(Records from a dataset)
[Start of Attachment]

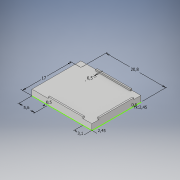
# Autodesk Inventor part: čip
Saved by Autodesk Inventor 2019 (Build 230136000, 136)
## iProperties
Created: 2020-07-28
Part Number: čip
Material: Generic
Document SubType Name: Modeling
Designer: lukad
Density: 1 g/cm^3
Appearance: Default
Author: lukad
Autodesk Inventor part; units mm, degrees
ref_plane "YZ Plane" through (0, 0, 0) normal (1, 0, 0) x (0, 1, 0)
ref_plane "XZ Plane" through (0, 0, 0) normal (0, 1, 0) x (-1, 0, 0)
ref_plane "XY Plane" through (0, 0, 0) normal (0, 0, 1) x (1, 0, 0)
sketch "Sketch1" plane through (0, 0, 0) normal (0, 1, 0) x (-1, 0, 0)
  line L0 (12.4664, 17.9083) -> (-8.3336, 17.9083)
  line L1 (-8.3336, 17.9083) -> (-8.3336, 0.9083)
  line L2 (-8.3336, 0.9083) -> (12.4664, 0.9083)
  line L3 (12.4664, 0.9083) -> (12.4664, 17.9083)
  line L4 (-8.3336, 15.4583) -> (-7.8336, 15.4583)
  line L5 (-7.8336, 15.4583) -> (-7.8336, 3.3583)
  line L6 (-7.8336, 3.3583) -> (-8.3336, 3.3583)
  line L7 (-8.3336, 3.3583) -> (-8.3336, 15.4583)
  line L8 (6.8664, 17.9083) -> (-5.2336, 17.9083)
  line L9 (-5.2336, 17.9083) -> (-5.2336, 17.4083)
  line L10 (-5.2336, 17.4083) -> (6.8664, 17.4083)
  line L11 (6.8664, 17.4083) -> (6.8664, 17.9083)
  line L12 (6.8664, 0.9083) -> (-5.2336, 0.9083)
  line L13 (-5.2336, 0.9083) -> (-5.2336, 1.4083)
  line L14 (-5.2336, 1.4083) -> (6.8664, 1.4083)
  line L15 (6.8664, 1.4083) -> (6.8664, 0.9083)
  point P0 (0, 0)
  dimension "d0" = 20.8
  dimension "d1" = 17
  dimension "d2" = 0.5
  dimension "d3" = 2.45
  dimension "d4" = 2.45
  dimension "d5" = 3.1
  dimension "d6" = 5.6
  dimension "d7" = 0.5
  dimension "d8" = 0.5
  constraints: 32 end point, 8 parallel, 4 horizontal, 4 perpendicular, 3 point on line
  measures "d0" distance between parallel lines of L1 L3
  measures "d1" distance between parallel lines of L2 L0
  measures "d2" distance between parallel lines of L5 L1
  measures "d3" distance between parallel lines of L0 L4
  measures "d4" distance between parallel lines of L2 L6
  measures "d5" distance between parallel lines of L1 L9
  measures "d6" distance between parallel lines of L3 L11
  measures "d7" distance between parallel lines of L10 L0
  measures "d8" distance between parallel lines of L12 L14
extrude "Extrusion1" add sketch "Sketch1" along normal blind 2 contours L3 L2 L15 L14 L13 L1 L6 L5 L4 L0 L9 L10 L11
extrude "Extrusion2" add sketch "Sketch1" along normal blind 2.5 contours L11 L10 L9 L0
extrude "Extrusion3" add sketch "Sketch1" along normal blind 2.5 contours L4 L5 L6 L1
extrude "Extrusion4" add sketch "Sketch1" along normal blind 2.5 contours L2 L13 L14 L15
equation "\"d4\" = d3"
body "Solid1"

[End of Attachment]

● TASK TO COMPLETE: Retype every record above word for word, leaving out any pictures.

● OUTPUT OF THE TASK:
# Autodesk Inventor part: čip
Saved by Autodesk Inventor 2019 (Build 230136000, 136)
## iProperties
Created: 2020-07-28
Part Number: čip
Material: Generic
Document SubType Name: Modeling
Designer: lukad
Density: 1 g/cm^3
Appearance: Default
Author: lukad
Autodesk Inventor part; units mm, degrees
ref_plane "YZ Plane" through (0, 0, 0) normal (1, 0, 0) x (0, 1, 0)
ref_plane "XZ Plane" through (0, 0, 0) normal (0, 1, 0) x (-1, 0, 0)
ref_plane "XY Plane" through (0, 0, 0) normal (0, 0, 1) x (1, 0, 0)
sketch "Sketch1" plane through (0, 0, 0) normal (0, 1, 0) x (-1, 0, 0)
  line L0 (12.4664, 17.9083) -> (-8.3336, 17.9083)
  line L1 (-8.3336, 17.9083) -> (-8.3336, 0.9083)
  line L2 (-8.3336, 0.9083) -> (12.4664, 0.9083)
  line L3 (12.4664, 0.9083) -> (12.4664, 17.9083)
  line L4 (-8.3336, 15.4583) -> (-7.8336, 15.4583)
  line L5 (-7.8336, 15.4583) -> (-7.8336, 3.3583)
  line L6 (-7.8336, 3.3583) -> (-8.3336, 3.3583)
  line L7 (-8.3336, 3.3583) -> (-8.3336, 15.4583)
  line L8 (6.8664, 17.9083) -> (-5.2336, 17.9083)
  line L9 (-5.2336, 17.9083) -> (-5.2336, 17.4083)
  line L10 (-5.2336, 17.4083) -> (6.8664, 17.4083)
  line L11 (6.8664, 17.4083) -> (6.8664, 17.9083)
  line L12 (6.8664, 0.9083) -> (-5.2336, 0.9083)
  line L13 (-5.2336, 0.9083) -> (-5.2336, 1.4083)
  line L14 (-5.2336, 1.4083) -> (6.8664, 1.4083)
  line L15 (6.8664, 1.4083) -> (6.8664, 0.9083)
  point P0 (0, 0)
  dimension "d0" = 20.8
  dimension "d1" = 17
  dimension "d2" = 0.5
  dimension "d3" = 2.45
  dimension "d4" = 2.45
  dimension "d5" = 3.1
  dimension "d6" = 5.6
  dimension "d7" = 0.5
  dimension "d8" = 0.5
  constraints: 32 end point, 8 parallel, 4 horizontal, 4 perpendicular, 3 point on line
  measures "d0" distance between parallel lines of L1 L3
  measures "d1" distance between parallel lines of L2 L0
  measures "d2" distance between parallel lines of L5 L1
  measures "d3" distance between parallel lines of L0 L4
  measures "d4" distance between parallel lines of L2 L6
  measures "d5" distance between parallel lines of L1 L9
  measures "d6" distance between parallel lines of L3 L11
  measures "d7" distance between parallel lines of L10 L0
  measures "d8" distance between parallel lines of L12 L14
extrude "Extrusion1" add sketch "Sketch1" along normal blind 2 contours L3 L2 L15 L14 L13 L1 L6 L5 L4 L0 L9 L10 L11
extrude "Extrusion2" add sketch "Sketch1" along normal blind 2.5 contours L11 L10 L9 L0
extrude "Extrusion3" add sketch "Sketch1" along normal blind 2.5 contours L4 L5 L6 L1
extrude "Extrusion4" add sketch "Sketch1" along normal blind 2.5 contours L2 L13 L14 L15
equation "\"d4\" = d3"
body "Solid1"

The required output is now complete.